(THE CENTER SQUARE) – Boards of election across Ohio have until July 20 to verify petition signatures that would put abortion rights and legalized recreational marijuana on the ballot in November.
Ohioans for Reproductive Freedom and Protect Choice Ohio delivered more than 700,000 signatures to Secretary of State Frank LaRose on Wednesday, the deadline to submit petitions to continue the push to make the November ballot.
LaRose said he would now send those signatures to county boards of elections to verify. The group needs 413,000 – 10% of the total vote in the last gubernatorial election – verified signatures to place adding a right to abortion to the state’s constitution on the ballot.
The standards for verification include whether each signer is registered to vote in the county, whether the signatures are genuine, whether any person signed more than once and whether the petition papers include all of the required information, including the circulator’s statement.
LaRose has until July 25 to decide if the issue will make the ballot.
“This is a historic day for Ohio and for reproductive freedom,” Lauren Blauvelt and Kellie Copeland of Ohioans for Reproductive Freedom said in a statement. “We cannot thank our volunteers enough for this herculean grassroots effort to ensure patients and doctors, not government extremists, are in control of making private medical decisions. Fortunately, the Ohio Constitution gives us the ability to take this popular issue directly to the people. Today, we take a huge step forward in the fight for abortion access and reproductive freedom for all, to ensure that Ohioans and their families can make their own health care decisions without government interference.”
The Coalition to Regulate Marijuana Like Alcohol also delivered nearly 223,000 signatures to LaRose’s office, needing a little more than 124,000 to be verified to make the November ballot.

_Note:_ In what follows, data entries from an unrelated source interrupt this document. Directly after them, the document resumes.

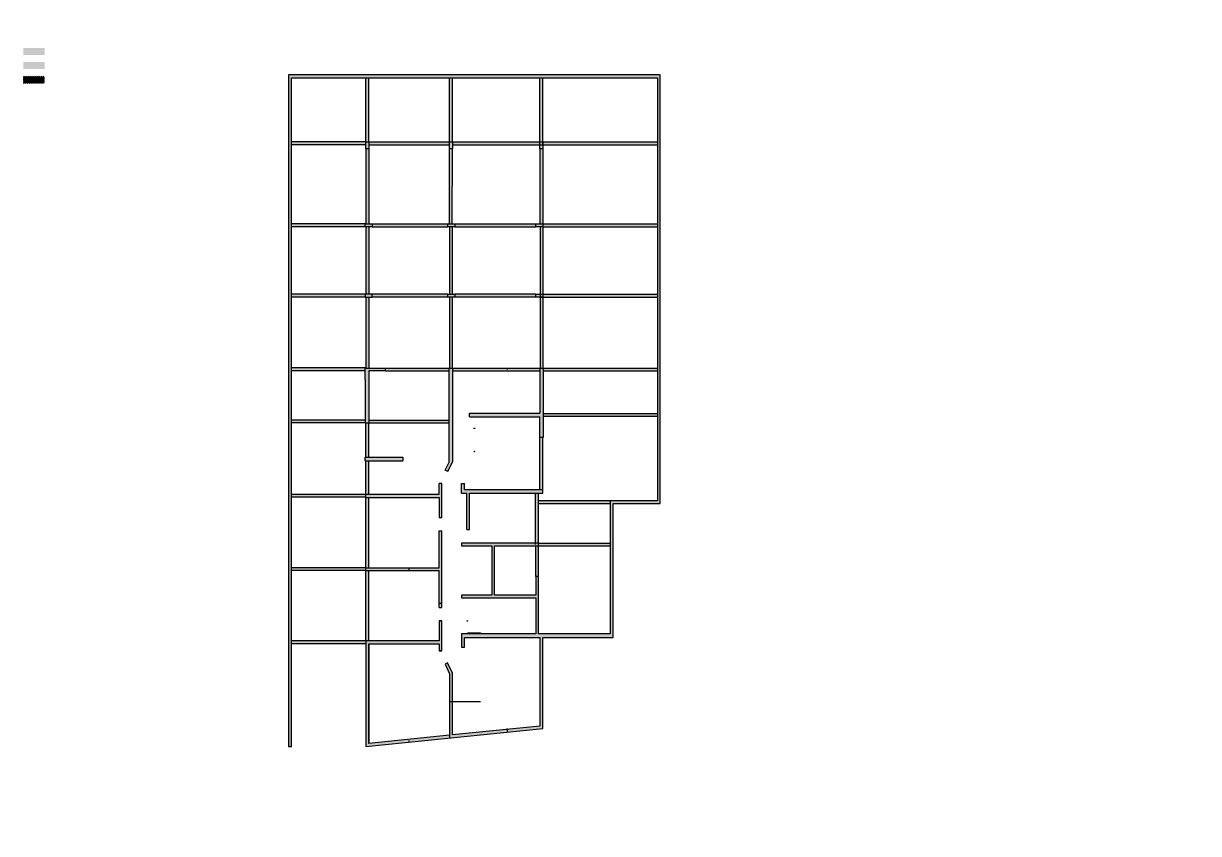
# Model space of a CAD drawing. Header units: millimetres. Extents: x -13 to 207, y 5 to 62.
# Drawn here: x -13.4 to 70, y 4.6 to 62.1 of the extents above; entities that cross this region are included whole.
import ezdxf
from ezdxf.enums import TextEntityAlignment as Align

# ---------------------------------------------------------------- set-up
doc = ezdxf.new("R2010")
doc.units = ezdxf.units.MM
for name, color, linetype in [('GRIS', 9, 'Continuous'), ('MUROS_EST', 5, 'Continuous'), ('PUERTAS', 1, 'Continuous'), ('VIGAS_1', 2, 'Continuous')]:
    doc.layers.add(name, color=color, linetype=linetype)
doc.layers.get('0').off()
doc.layers.get('GRIS').off()
doc.styles.add('ROMAND', font='romand', dxfattribs={"height": 31.5})
pattern_1 = [(0, (0, 0), (0, 6.985), [5.08, -1.905]), (90, (0, 0), (-6.985, 4e-16), [5.08, -1.905])]

# ---------------------------------------------------------------- blocks, each defined once
blk = doc.blocks.new('P_75')
at = {"color": 9}
blk.add_arc((-0.013, 0.059), 0.722, 93.33599, 179.93331, dxfattribs=at)
at = {"layer": 'PUERTAS'}
blk.add_lwpolyline([(-0.015, 0.06), (-0.055, 0.06), (-0.055, 0.78), (-0.015, 0.78)], close=True, dxfattribs=at)
for points in [[(-0.75, 0), (-0.725, 0), (-0.725, 0.02), (-0.735, 0.02), (-0.735, 0.06), (-0.75, 0.06)], [(0, 0.06), (-0.015, 0.06), (-0.015, 0.02), (-0.025, 0.02), (-0.025, 0), (0, 0)]]:
    blk.add_lwpolyline(points, dxfattribs=at)
blk = doc.blocks.new('EJE-1')
at = {"color": 3, "linetype": 'Continuous'}
blk.add_circle((0, 0), 35, dxfattribs=at)
at = {"color": 5, "linetype": 'Continuous', "style": 'ROMAND'}
blk.add_attdef('0', text='', height=25, dxfattribs=at).set_placement((0.2, 0), align=Align.MIDDLE)

msp = doc.modelspace()

# ---------------------------------------------------------------- hatches: boundary and pattern name
at = {"layer": 'MUROS_EST', "transparency": 33554687}
h = msp.add_hatch(color=256, dxfattribs=at)
h.dxf.hatch_style = 1
h.paths.add_polyline_path([(-11.911, 60.363), (-13.411, 60.363), (-13.411, 59.863), (-11.911, 59.863)])
h = msp.add_hatch(color=5, dxfattribs=at)
h.dxf.hatch_style = 1
h.paths.add_polyline_path([(28.465, 28.023), (31.815, 28.023), (31.815, 58.443), (5.415, 58.443), (5.415, 10.79), (5.615, 10.79), (5.615, 58.243), (31.615, 58.243), (31.615, 28.223), (28.265, 28.223), (28.265, 18.777), (23.163, 18.777), (23.163, 19.274), (22.963, 19.274), (22.963, 18.777), (17.705, 18.777), (17.705, 17.827), (17.905, 17.827), (17.905, 18.527), (23.263, 18.527), (23.263, 12.243), (19.34, 11.845), (19.34, 11.645), (23.463, 12.064), (23.463, 18.527), (28.465, 18.527)], flags=17)
h.paths.add_polyline_path([(23.163, 22.847), (22.963, 22.847), (22.963, 21.527), (20.04, 21.527), (20.04, 25.027), (23.163, 25.027), (23.16, 25.227), (17.705, 25.227), (17.705, 25.027), (19.84, 25.027), (19.84, 21.527), (17.705, 21.527), (17.705, 21.327), (22.963, 21.327), (22.963, 19.274), (23.163, 19.274)], flags=16)
h.paths.add_polyline_path([(16.305, 19.707), (16.105, 19.707), (16.105, 18.277), (10.905, 18.277), (10.905, 10.79), (23.463, 12.064), (23.463, 18.527), (28.465, 18.527), (28.465, 28.023), (31.815, 28.023), (31.815, 58.443), (5.415, 58.443), (5.415, 10.79), (5.615, 10.79), (5.615, 58.243), (31.615, 58.243), (31.615, 28.223), (28.265, 28.223), (28.265, 18.777), (23.163, 18.777), (23.163, 19.274), (22.963, 19.274), (22.963, 18.777), (17.705, 18.777), (17.705, 17.827), (17.905, 17.827), (17.905, 18.527), (23.263, 18.527), (23.263, 12.243), (17.055, 11.614), (17.055, 15.987), (16.71, 16.718), (16.529, 16.633), (16.855, 15.942), (16.855, 11.593), (11.105, 11.01), (11.105, 18.077), (16.105, 18.077), (16.105, 17.577), (16.305, 17.577)])
h = msp.add_hatch(color=5, dxfattribs=at)
h.dxf.hatch_style = 1
h.paths.add_polyline_path([(28.465, 28.023), (31.815, 28.023), (31.815, 58.443), (5.415, 58.443), (5.415, 10.79), (5.615, 10.79), (5.615, 58.243), (31.615, 58.243), (31.615, 28.223), (28.265, 28.223), (28.265, 18.777), (23.163, 18.777), (23.163, 19.274), (22.963, 19.274), (22.963, 18.777), (17.705, 18.777), (17.705, 17.827), (17.905, 17.827), (17.905, 18.527), (23.263, 18.527), (23.263, 12.243), (17.055, 11.614), (17.055, 15.987), (16.71, 16.718), (16.529, 16.633), (16.855, 15.942), (16.855, 11.593), (11.105, 11.01), (11.105, 18.077), (16.105, 18.077), (16.105, 17.577), (16.305, 17.577), (16.305, 19.707), (16.105, 19.707), (16.105, 18.277), (10.905, 18.277), (10.905, 10.79), (23.463, 12.064), (23.463, 18.527), (28.465, 18.527)])
h = msp.add_hatch(dxfattribs=at)
h.set_pattern_fill('_USER', color=5, scale=0.058, angle=25, pattern_type=0)
h.set_pattern_definition([(25, (0, 0), (-0.02451186, 0.05256585), [])])
h.paths.add_polyline_path([(-11.911, 58.363), (-13.411, 58.363), (-13.411, 57.863), (-11.911, 57.863)])
h = msp.add_hatch(color=2, dxfattribs=at)
h.dxf.hatch_style = 1
h.paths.add_polyline_path([(11.105, 28.452), (10.905, 28.452), (10.905, 23.477), (11.105, 23.477)])
h.paths.add_polyline_path([(10.905, 23.477), (5.615, 23.477), (5.615, 23.277), (10.905, 23.277)])
h.paths.add_polyline_path([(11.105, 23.277), (10.905, 23.277), (10.905, 18.277), (11.105, 18.277)])
h.paths.add_polyline_path([(10.905, 18.277), (5.615, 18.277), (5.615, 18.077), (10.905, 18.077)])
h.paths.add_polyline_path([(28.265, 25.227), (23.16, 25.227), (23.163, 25.027), (28.265, 25.027)])
h.paths.add_polyline_path([(16.83, 33.947), (11.105, 33.947), (11.105, 33.747), (16.83, 33.747)])
h.paths.add_polyline_path([(10.855, 33.947), (5.615, 33.947), (5.615, 33.747), (10.855, 33.747)])
h.paths.add_polyline_path([(10.855, 37.651), (5.615, 37.651), (5.615, 37.451), (10.855, 37.451)])
h.paths.add_polyline_path([(23.263, 37.647), (17.08, 37.647), (17.08, 37.447), (23.263, 37.447)])
h.paths.add_polyline_path([(31.615, 34.425), (23.513, 34.425), (23.513, 34.225), (31.615, 34.225)])
h.paths.add_polyline_path([(30.015, 37.647), (23.513, 37.647), (23.513, 37.447), (30.015, 37.447)])
h.paths.add_polyline_path([(31.615, 42.876), (23.478, 42.876), (23.478, 42.676), (31.615, 42.676)])
h.paths.add_polyline_path([(23.478, 47.676), (23.278, 47.676), (23.278, 42.876), (23.478, 42.876)])
h.paths.add_polyline_path([(22.978, 42.876), (17.215, 42.876), (17.215, 42.676), (22.978, 42.676)])
h.paths.add_polyline_path([(17.04, 47.676), (16.84, 47.676), (16.84, 42.876), (17.04, 42.876)])
h.paths.add_polyline_path([(16.715, 42.876), (11.355, 42.876), (11.355, 42.676), (16.715, 42.676)])
h.paths.add_polyline_path([(11.106, 47.676), (10.906, 47.676), (10.906, 42.876), (11.106, 42.876)])
h.paths.add_polyline_path([(10.855, 42.876), (5.615, 42.876), (5.615, 42.676), (10.855, 42.676)])
h.paths.add_polyline_path([(11.106, 42.676), (10.906, 42.676), (10.906, 37.647), (11.106, 37.647)])
h.paths.add_polyline_path([(11.106, 53.193), (10.906, 53.193), (10.906, 47.876), (11.106, 47.876)])
h.paths.add_polyline_path([(16.715, 47.876), (11.355, 47.876), (11.355, 47.676), (16.715, 47.676)])
h.paths.add_polyline_path([(10.855, 47.876), (5.615, 47.876), (5.615, 47.676), (10.855, 47.676)])
h.paths.add_polyline_path([(17.055, 53.192), (17.055, 53.193), (16.855, 53.193), (16.841, 47.876), (17.041, 47.876)])
h.paths.add_polyline_path([(22.978, 47.876), (17.215, 47.876), (17.215, 47.676), (22.978, 47.676)])
h.paths.add_polyline_path([(23.461, 53.193), (23.261, 53.193), (23.261, 47.876), (23.461, 47.876)])
h.paths.add_polyline_path([(31.615, 47.876), (23.478, 47.876), (23.478, 47.676), (31.615, 47.676)])
h.paths.add_polyline_path([(31.615, 53.693), (23.461, 53.693), (23.461, 53.493), (31.615, 53.493)])
h.paths.add_polyline_path([(23.461, 58.243), (23.261, 58.243), (23.261, 53.693), (23.461, 53.693)])
h.paths.add_polyline_path([(23.261, 53.693), (17.055, 53.693), (17.055, 53.493), (23.261, 53.493)])
h.paths.add_polyline_path([(17.055, 58.243), (16.855, 58.243), (16.855, 53.693), (17.055, 53.693)])
h.paths.add_polyline_path([(11.106, 58.243), (10.906, 58.243), (10.906, 53.693), (11.106, 53.693)])
h.paths.add_polyline_path([(10.906, 53.693), (5.615, 53.693), (5.615, 53.493), (10.906, 53.493)])
h.paths.add_polyline_path([(16.855, 53.693), (11.106, 53.693), (11.106, 53.493), (16.855, 53.493)])
h.paths.add_polyline_path([(23.926, 38.063), (27.893, 38.063), (27.893, 38.361), (23.926, 38.361)], flags=9)
h = msp.add_hatch(color=5, dxfattribs=at)
h.dxf.hatch_style = 1
h.paths.add_polyline_path([(16.305, 26.097), (16.105, 26.097), (16.105, 23.477), (10.905, 23.477), (10.905, 23.277), (16.105, 23.277), (16.105, 20.657), (16.305, 20.657)])
h.paths.add_polyline_path([(16.305, 29.447), (16.105, 29.447), (16.105, 28.702), (10.905, 28.702), (10.905, 28.452), (16.105, 28.452), (16.105, 27.047), (16.305, 27.047)])
h.paths.add_polyline_path([(23.463, 29.022), (17.905, 29.022), (17.905, 29.447), (17.705, 29.447), (17.705, 28.772), (18.063, 28.772), (18.063, 26.177), (18.263, 26.177), (18.263, 28.772), (23.463, 28.772)])
h.paths.add_polyline_path([(13.526, 31.322), (10.853, 31.322), (10.853, 31.072), (13.526, 31.072)])
h.paths.add_polyline_path([(23.513, 37.647), (23.263, 37.647), (23.263, 34.432), (18.263, 34.432), (18.263, 34.182), (23.263, 34.182), (23.263, 32.737), (23.513, 32.737)])
h.paths.add_polyline_path([(17.08, 37.647), (16.83, 37.647), (16.83, 30.973), (16.543, 30.388), (16.723, 30.3), (17.08, 31.028)])
h.paths.add_polyline_path([(11.105, 37.447), (12.287, 37.447), (12.287, 37.647), (10.855, 37.647), (10.855, 36.833), (10.855, 33.747), (11.105, 33.747)])
h.paths.add_polyline_path([(23.478, 47.876), (22.978, 47.876), (22.978, 47.676), (23.478, 47.676)])
h.paths.add_polyline_path([(23.278, 42.876), (22.978, 42.876), (22.978, 42.676), (23.278, 42.676)])
h.paths.add_polyline_path([(23.478, 42.876), (23.278, 42.876), (23.278, 42.676), (23.478, 42.676)])
h.paths.add_polyline_path([(17.215, 42.876), (16.715, 42.876), (16.715, 42.676), (17.215, 42.676)])
h.paths.add_polyline_path([(17.215, 47.876), (16.715, 47.876), (16.715, 47.676), (17.215, 47.676)])
h.paths.add_polyline_path([(17.055, 53.693), (16.855, 53.693), (16.855, 53.193), (17.055, 53.193)])
h.paths.add_polyline_path([(23.461, 53.493), (23.261, 53.493), (23.261, 53.193), (23.461, 53.193)])
h.paths.add_polyline_path([(23.461, 53.693), (23.261, 53.693), (23.261, 53.493), (23.461, 53.493)])
h.paths.add_polyline_path([(11.106, 53.693), (10.906, 53.693), (10.906, 53.193), (11.106, 53.193)])
h.paths.add_polyline_path([(11.355, 47.876), (10.855, 47.876), (10.855, 47.676), (11.355, 47.676)])
h.paths.add_polyline_path([(11.355, 42.876), (10.855, 42.876), (10.855, 42.676), (11.355, 42.676)])
h = msp.add_hatch(color=2, dxfattribs=at)
h.dxf.hatch_style = 1
h.paths.add_polyline_path([(31.615, 37.647), (30.015, 37.647), (30.015, 37.447), (31.615, 37.447)])
h.paths.add_polyline_path([(23.478, 42.676), (23.278, 42.676), (23.278, 37.647), (23.478, 37.647)])
h.paths.add_polyline_path([(17.04, 42.676), (16.84, 42.676), (16.84, 37.647), (17.04, 37.647)])
h.paths.add_polyline_path([(28.265, 28.22), (23.16, 28.22), (23.16, 28.02), (28.265, 28.02)])
h.paths.add_polyline_path([(23.16, 28.772), (22.96, 28.772), (22.96, 25.227), (23.16, 25.227)])
h = msp.add_hatch(color=2, dxfattribs=at)
h.dxf.hatch_style = 1
h.paths.add_polyline_path([(16.83, 37.647), (12.287, 37.647), (12.287, 37.447), (16.83, 37.447)])
h = msp.add_hatch(color=5, dxfattribs=at)
h.dxf.hatch_style = 1
h.paths.add_polyline_path([(16.955, 34.307), (16.83, 34.307), (16.83, 30.973), (16.543, 30.388), (16.633, 30.344), (16.955, 31.001)])
h.paths.add_polyline_path([(17.08, 34.307), (16.955, 34.307), (16.955, 31.001), (17.08, 31.256)])
h.paths.add_polyline_path([(16.955, 30.773), (16.955, 31.001), (16.633, 30.344), (16.723, 30.3)])
h.paths.add_polyline_path([(17.066, 31.001), (16.955, 31.001), (16.955, 30.773)])
h.paths.add_polyline_path([(17.08, 31.256), (16.955, 31.001), (17.066, 31.001), (17.08, 31.028)], flags=0)
h = msp.add_hatch(color=2, dxfattribs=at)
h.dxf.hatch_style = 1
h.paths.add_polyline_path([(11.105, 33.747), (10.905, 33.747), (10.905, 31.322), (11.105, 31.322)])
h.paths.add_polyline_path([(11.105, 31.072), (10.905, 31.072), (10.905, 28.702), (11.105, 28.702)])
h = msp.add_hatch(color=2, dxfattribs=at)
h.dxf.hatch_style = 1
h.paths.add_polyline_path([(23.463, 32.737), (23.263, 32.737), (23.261, 29.022), (23.461, 29.022)])
h.paths.add_polyline_path([(23.163, 23.707), (22.963, 23.707), (22.963, 22.847), (23.163, 22.847)])
h.paths.add_polyline_path([(23.073, 25.027), (22.963, 25.027), (22.963, 23.797), (23.073, 23.797)], flags=17)
h.paths.add_polyline_path([(23.163, 25.027), (23.073, 25.027), (23.073, 23.797), (22.963, 23.797), (22.963, 23.707), (23.163, 23.707)])
h.paths.add_polyline_path([(22.303, 22.994), (23.023, 22.994), (23.023, 23.234), (22.303, 23.234)], flags=9)
at = {"layer": 'PUERTAS', "transparency": 33554687}
h = msp.add_hatch(dxfattribs=at)
h.set_pattern_fill('ANGLE', color=256)
h.set_pattern_definition(pattern_1)
h.paths.add_polyline_path([(16.305, 26.097), (16.105, 26.097), (16.105, 23.477), (10.905, 23.477), (10.905, 23.277), (16.105, 23.277), (16.105, 20.657), (16.305, 20.657)])
edge = h.paths.add_edge_path()
edge.add_line((17.055, 13.723), (17.055, 11.614))
edge.add_line((16.855, 13.723), (16.855, 11.593))
edge.add_line((16.945, 16.221), (17.055, 15.987))
edge.add_line((16.764, 16.135), (16.945, 16.221))
edge.add_line((16.855, 15.942), (16.764, 16.135))
edge.add_line((16.855, 13.723), (16.855, 15.942))
edge.add_line((17.055, 13.723), (17.055, 15.987))
edge.add_line((17.055, 11.614), (23.263, 12.243))
edge.add_line((11.105, 11.01), (16.855, 11.593))
edge.add_line((10.906, 10.79), (23.463, 12.064))
at = {"layer": 'VIGAS_1', "transparency": 33554687}
h = msp.add_hatch(color=2, dxfattribs=at)
h.dxf.hatch_style = 1
h.paths.add_polyline_path([(-11.911, 59.363), (-13.411, 59.363), (-13.411, 58.863), (-11.911, 58.863)])
h = msp.add_hatch(dxfattribs=at)
h.set_pattern_fill('ANGLE', color=256)
h.set_pattern_definition(pattern_1)
h.paths.add_polyline_path([(19.34, 37.647), (17.08, 37.647), (17.08, 37.547), (19.34, 37.547)])
h.paths.add_polyline_path([(19.34, 37.547), (17.08, 37.547), (17.08, 37.447), (19.34, 37.447)])
h.paths.add_polyline_path([(11.005, 38.439), (10.906, 38.439), (10.906, 37.647), (11.005, 37.647)])
h.paths.add_polyline_path([(11.106, 38.439), (11.005, 38.439), (11.005, 37.647), (11.106, 37.647)])
h = msp.add_hatch(dxfattribs=at)
h.set_pattern_fill('ANGLE', color=256)
h.set_pattern_definition(pattern_1)
h.paths.add_polyline_path([(23.263, 37.647), (17.08, 37.647), (17.08, 37.547), (23.263, 37.547)])
h = msp.add_hatch(dxfattribs=at)
h.set_pattern_fill('ANGLE', color=256)
h.set_pattern_definition(pattern_1)
h.paths.add_polyline_path([(23.263, 37.647), (19.34, 37.647), (19.34, 37.547), (23.263, 37.547)])
h = msp.add_hatch(dxfattribs=at)
h.set_pattern_fill('ANGLE', color=256)
h.set_pattern_definition(pattern_1)
h.paths.add_polyline_path([(23.363, 25.127), (23.163, 25.127), (23.163, 25.027), (23.363, 25.027)])
h.paths.add_polyline_path([(23.363, 25.227), (23.163, 25.227), (23.163, 25.127), (23.363, 25.127)])
h.paths.add_polyline_path([(24.088, 25.227), (23.363, 25.227), (23.363, 25.127), (24.088, 25.127)])
h.paths.add_polyline_path([(24.088, 25.127), (23.363, 25.127), (23.363, 25.027), (24.088, 25.027)])
h.paths.add_polyline_path([(24.088, 34.425), (23.513, 34.425), (23.513, 34.307), (24.088, 34.307)])
h.paths.add_polyline_path([(24.088, 34.307), (23.513, 34.307), (23.513, 34.225), (24.088, 34.225)])
h.paths.add_polyline_path([(25.26, 34.307), (25.212, 34.307), (24.088, 34.307), (24.088, 34.225), (25.26, 34.225)])
h.paths.add_polyline_path([(28.365, 34.425), (24.088, 34.425), (24.088, 34.307), (25.212, 34.307), (25.26, 34.307), (28.365, 34.307)])
h.paths.add_polyline_path([(28.365, 34.307), (25.262, 34.307), (25.297, 34.272), (25.305, 34.262), (25.262, 34.305), (25.262, 34.257), (25.262, 34.225), (28.365, 34.225)])
h.paths.add_polyline_path([(28.999, 34.425), (28.365, 34.425), (28.365, 34.307), (28.999, 34.307)])
h.paths.add_polyline_path([(28.999, 34.307), (28.365, 34.307), (28.365, 34.225), (28.999, 34.225)])
h.paths.add_polyline_path([(29.99, 34.307), (28.999, 34.307), (28.999, 34.225), (30.011, 34.225)])
h.paths.add_polyline_path([(29.961, 34.425), (28.999, 34.425), (28.999, 34.307), (29.99, 34.307)])
h.paths.add_polyline_path([(30.537, 34.425), (29.961, 34.425), (29.99, 34.307), (30.508, 34.307)])
h.paths.add_polyline_path([(30.508, 34.307), (29.99, 34.307), (30.011, 34.225), (30.487, 34.225)])
h.paths.add_polyline_path([(31.499, 34.307), (30.508, 34.307), (30.487, 34.225), (31.499, 34.225)])
h.paths.add_polyline_path([(31.499, 34.425), (30.537, 34.425), (30.508, 34.307), (31.499, 34.307)])
h.paths.add_polyline_path([(31.615, 34.425), (31.499, 34.425), (31.499, 34.307), (31.615, 34.307)])
h.paths.add_polyline_path([(31.615, 34.307), (31.499, 34.307), (31.499, 34.225), (31.615, 34.225)])
h.paths.add_polyline_path([(24.088, 37.547), (23.513, 37.547), (23.513, 37.447), (24.088, 37.447)])
h.paths.add_polyline_path([(24.088, 37.647), (23.513, 37.647), (23.513, 37.547), (24.088, 37.547)])
h.paths.add_polyline_path([(28.999, 37.647), (28.365, 37.647), (28.365, 37.547), (28.999, 37.547)])
h.paths.add_polyline_path([(28.999, 37.547), (28.365, 37.547), (28.365, 37.447), (28.999, 37.447)])
h.paths.add_polyline_path([(29.18, 37.547), (28.999, 37.547), (28.999, 37.447), (29.205, 37.447)])
h.paths.add_polyline_path([(29.155, 37.647), (28.999, 37.647), (28.999, 37.547), (29.18, 37.547)])
h.paths.add_polyline_path([(30.015, 37.647), (29.155, 37.647), (29.18, 37.547), (30.015, 37.547)])
h.paths.add_polyline_path([(30.015, 37.547), (29.18, 37.547), (29.205, 37.447), (30.015, 37.447)])
h.paths.add_polyline_path([(31.343, 37.647), (30.015, 37.647), (30.015, 37.547), (31.318, 37.547)])
h.paths.add_polyline_path([(31.318, 37.547), (30.015, 37.547), (30.015, 37.447), (31.293, 37.447)])
h.paths.add_polyline_path([(31.499, 37.547), (31.318, 37.547), (31.293, 37.447), (31.499, 37.447)])
h.paths.add_polyline_path([(31.499, 37.647), (31.343, 37.647), (31.318, 37.547), (31.499, 37.547)])
h.paths.add_polyline_path([(31.615, 37.647), (31.499, 37.647), (31.499, 37.547), (31.615, 37.547)])
h.paths.add_polyline_path([(31.615, 37.547), (31.499, 37.547), (31.499, 37.447), (31.615, 37.447)])
h.paths.add_polyline_path([(29.958, 37.106), (30.521, 37.103), (30.523, 37.646), (29.961, 37.649)], flags=9)
h = msp.add_hatch(color=2, dxfattribs=at)
h.dxf.hatch_style = 1
h.paths.add_polyline_path([(10.905, 28.677), (5.615, 28.677), (5.615, 28.477), (10.905, 28.477)])
h = msp.add_hatch(dxfattribs=at)
h.set_pattern_fill('ANGLE', color=256)
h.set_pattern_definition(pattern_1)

The group began its effort more than two years ago. While several similar measures have been introduced in General Assembly by both Republicans and Democrats, none have passed.
Before November, however, voters will decide on Aug. 8 whether to change how the public can amend the constitution.
Republicans pushed through and Gov. Mike DeWine signed a bill to allow an Aug. 8 special election to have voters decide if they want a 60% voter-approval threshold to pass citizen-led constitutional amendments rather than the 50%-plus-one approval needed since 1912.
If that amendment passes with a 50%-plus-one majority, both the abortion rights and recreational amendments would have to meet the higher vote margin.